Note that the authors do indeed mean JPEG (circa 1994), not JPEG2000. The chapter on archiving lists the pros and cons of a number of formats, to include JPEG. The following bullet points are excerpted from the text.

  • Conversion to TIFF files: By converting images to TIFF format [from camera RAW], the photographer is storing the images in the most accessible file format... There is a downside, however. TIFF files are much larger than RAW files... Another downside to conversion to TIFF is that it precludes the use of better RAW converters that are surely coming in the future.
  • Archiving JPEG files: Conventional wisdom holds that the TIFF format holds a quality advantage over the JPEG format. This holds true only if the JPEG file is saved at less than 10 quality using the Photoshop standard. When using JPEG quality 10 or 12, the artifacts are either non-existent or insignificant. Higher bit-depth is really the only advantage of using TIFF over JPEG 10 or 12 (in terms of image quality)... Update 2008-02-11: Please see below.
  • Archiving RAW files: If a photographer chooses to archive the RAW file, then he will be preserving the largest number of options for future conversion of the files... This, too, has its downside. RAW files will likely have to be converted to a more universal file format at some time in the future.
  • Archiving DNG files: RAW files can be converted to DNG, a documented TIFF-based format created by Adobe that can store the RAW image data, metadata, and a color-corrected JPEG preview of the image. The DNG file format provides a common platform for information about the file and adjustments to the image... DNG is likely to be readable long after the original RAW format becomes obsolete, simply because there will be so many more of them than any particular RAW file format... There’s a downside to DNG, of course. Conversion to DNG requires an extra step at the time of RAW file processing; it does not take terribly long, but it is an extra process.

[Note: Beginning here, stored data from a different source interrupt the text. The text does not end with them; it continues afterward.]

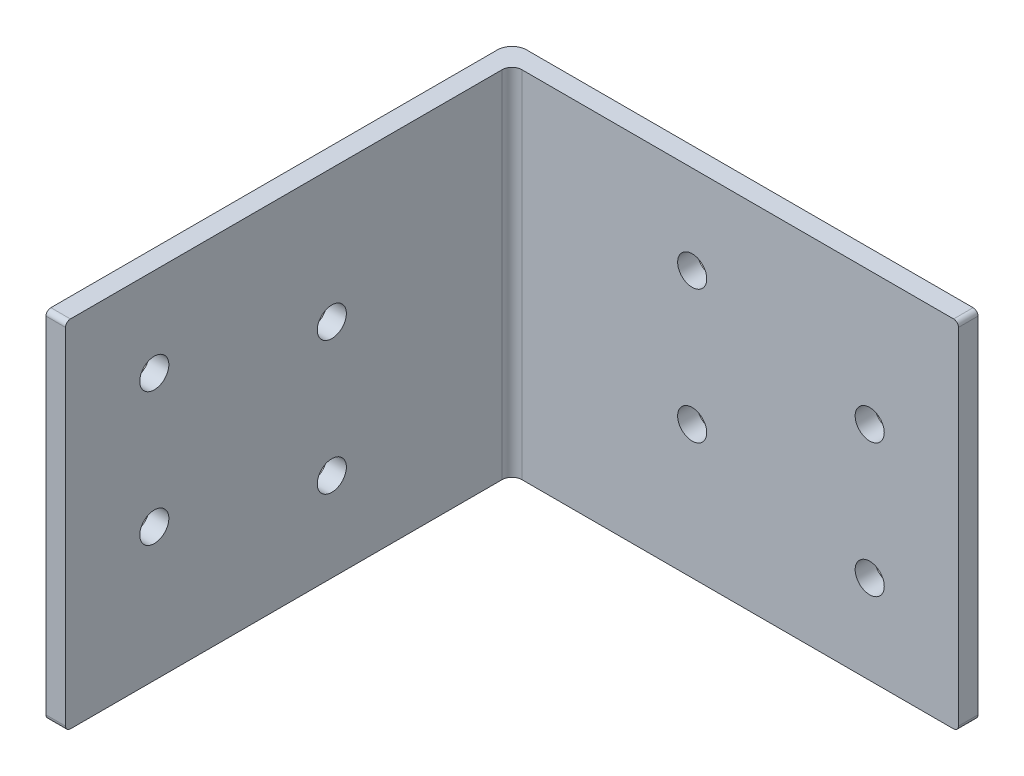
SolidWorks part; units mm, degrees
ref_plane "Front Plane" through (0, 0, 0) normal (0, 0, 1) x (1, 0, 0)
ref_plane "Top Plane" through (0, 0, 0) normal (0, 1, 0) x (1, 0, 0)
ref_plane "Right Plane" through (0, 0, 0) normal (1, 0, 0) x (0, 0, -1)
sketch "Sketch1" plane through (0, 0, 0) normal (0, 1, 0) x (1, 0, 0)
  line L0 (0, 0) -> (0, -65.278) construction
  line L1 (0, 0) -> (65.278, 0) construction
  line L2 (-1.397, -65.278) -> (1.397, -65.278) construction
  line L3 (65.278, -1.397) -> (65.278, 1.397) construction
  line L4 (65.278, 1.397) -> (-1.397, 1.397) construction
  line L5 (-1.397, 1.397) -> (-1.397, -65.278) construction
  line L6 (1.397, -65.278) -> (1.397, -1.397) construction
  line L7 (1.397, -1.397) -> (65.278, -1.397) construction
  point P7 (0, -65.278)
  point P10 (65.278, 0)
  dimension "Length (A)" = 66.675
  dimension "Length (B)" = 66.675
  dimension "Thickness" = 2.794
sketch "Sketch2" plane through (0, 0, 0) normal (1, 0, 0) x (0, 0, -1)
  line L0 (0, -25.4) -> (0, 25.4) construction
  line L1 (-52.578, -6.35) -> (-52.578, 12.7) construction
  line L3 (-27.178, -12.7) -> (-27.178, 6.35) construction
  line L4 (-29.2608, 6.35) -> (-25.0952, 6.35) construction
  point P5 (-52.578, -6.35)
  point P6 (0, 0)
  point P10 (-27.178, -3.175)
  point P13 (-27.178, 6.35)
  dimension "Length (C)" = 50.8
  dimension "Hole Diameter" = 4.1656
  dimension "Horizontal Center to Center" = 25.4
  dimension "Vertical Center to Center" = 19.05
  dimension "Hole Center" = 12.7
  dimension "Hole Center 2" = 12.7
  dimension "Hole Center 3" = 12.7
sketch "Sketch3" plane through (0, 0, 0) normal (0, 1, 0) x (1, 0, 0)
  line L0 (1.397, -1.397) -> (65.278, -1.397) construction
  line L1 (65.278, -1.397) -> (65.278, 1.397) construction
  line L2 (1.397, -65.278) -> (1.397, -1.397) construction
  line L3 (-1.397, -65.278) -> (1.397, -65.278) construction
  line L4 (-1.397, 1.397) -> (-1.397, -65.278) construction
  line L5 (65.278, 1.397) -> (-1.397, 1.397) construction
  line L6 (1.397, -1.397) -> (65.278, -1.397)
  line L7 (65.278, -1.397) -> (65.278, 1.397)
  line L8 (1.397, -65.278) -> (1.397, -1.397)
  line L9 (-1.397, -65.278) -> (1.397, -65.278)
  line L10 (-1.397, 1.397) -> (-1.397, -65.278)
  line L11 (65.278, 1.397) -> (-1.397, 1.397)
extrude "Boss-Extrude1" add sketch "Sketch3" along normal mid plane 50.8
fillet "Fillet1" radius 2.0955 1 edges at (-1.397, 0, -1.397)
fillet "Fillet2" radius 1.397 1 edges at (1.397, 0, 1.397)
fillet "Fillet3" radius 0.6985 4 edges at (65.278, -25.4, 0) (65.278, 25.4, 0) (0, -25.4, 65.278) (0, 25.4, 65.278)
sketch "Sketch4" plane through (1.397, 0, 0) normal (1, 0, 0) x (0, 0, -1)
  line L0 (-29.2608, 6.35) -> (-25.0952, 6.35) construction
  circle A0 centre (-52.578, -6.35) radius 2.0828
  circle A1 centre (-27.178, 6.35) radius 2.0828
  circle A2 centre (-27.178, -12.7) radius 2.0828
  circle A3 centre (-52.578, 12.7) radius 2.0828
extrude "Cut-Extrude1" cut sketch "Sketch4" against normal up to next
sketch "Sketch5" plane through (0, 0, 1.397) normal (0, 0, 1) x (1, 0, 0)
  line L2 (65.278, 24.7015) -> (65.278, -24.7015) construction
  circle A0 centre (27.178, 12.7) radius 2.0828
  circle A1 centre (27.178, -6.35) radius 2.0828
  circle A2 centre (52.578, -12.7) radius 2.0828
  circle A3 centre (52.578, 6.35) radius 2.0828
  dimension "D1" = 4.1656
  dimension "D2" = 12.7
  dimension "D3" = 25.4
extrude "Cut-Extrude2" cut sketch "Sketch5" against normal up to next
sketch "Sketch6" plane through (0, 0, 1.397) normal (0, 0, 1) x (1, 0, 0)
  line L0 (27.178, 12.7) -> (27.178, 14.7828) construction
  line L1 (27.178, 12.7) -> (28.6508, 14.1728) construction
  circle A0 centre (27.178, 12.7) radius 2.0828 construction
  point P7 (28.6508, 14.1728)
  point P8 (27.178, 14.7828)
  dimension "D1" = 45
ref_plane "Plane1" through (-1.397, 25.4, 0.6985) normal (0, -1, 0) x (-1, 0, 0)
sketch "Sketch8" plane through (-1.397, 0, 0) normal (-1, 0, 0) x (0, 0, 1)
  line L0 (0.6985, 0) -> (65.278, 0) construction
  line L1 (0.6985, 25.4) -> (0.6985, -25.4) construction
  line L2 (65.278, 24.7015) -> (65.278, -24.7015) construction
equation "\"D1@Boss-Extrude1\"=\"Length (C)@Sketch2\""
equation "\"D1@Fillet1\"=\"Thickness@Sketch1\"*.75"
equation "\"D1@Fillet2\"=\"Thickness@Sketch1\"*.5"
equation "\"D1@Fillet3\"=\"Thickness@Sketch1\"*.25"
equation "\"D1@Sketch5\"=\"Hole Diameter@Sketch2\""
equation "\"D2@Sketch5\"=\"Hole Center@Sketch2\""
equation "\"D3@Sketch5\"=\"Horizontal Center to Center@Sketch2\""

Update 2008-02-11: Ken Fleisher noted in the comments that the excerpt above was truncated before his reasoning was described. In the interest of clarity, the full text of this bullet point on the UPDIG site is:

Archiving JPEG files: Conventional wisdom holds that the TIFF format holds a quality advantage over the JPEG format. This holds true only if the JPEG file is saved at less than 10 quality using the Photoshop standard. When using JPEG quality 10 or 12, the artifacts are either non-existent or insignificant. Higher bit-depth is really the only advantage of using TIFF over JPEG 10 or 12 (in terms of image quality). Some have argued that that JPEG, because of the way it encodes data, compromises color. This is a misconception. When using the highest quality settings, there is no loss of color fidelity. Therefore, if JPEG files are saved at 10-12 quality, and if they do not require much pixel editing before use, archiving JPEG files is not a bad concept, and it can save a lot of space. For many picture archives, the economics of storing large numbers of files dominates all other considerations, and JPEG offers a feasible solution to the problem.

The notes at the end of the chapter say: "The archiving JPEG section is based on research and analysis by Ken Fleisher."

So I wonder what is going on here. Does the cultural heritage community have a different definition of the word archive from the professional photography community? Are there sufficient differences in our goals that warrant the differences in practices?

This topic is of interest because the program of the JPEG2000 in Archives and Libraries Interest Group of the Library and Information Technology Association (LITA) will be holding a panel at the ALA Annual Conference in Anaheim this summer on using the JPEG2000 file format for archival purposes. Part of the discussion will center around the notion of visually lossless versus data lossless compression. This mention of lossy-yet-high-quality JPEG compression seems to fit into the same topic.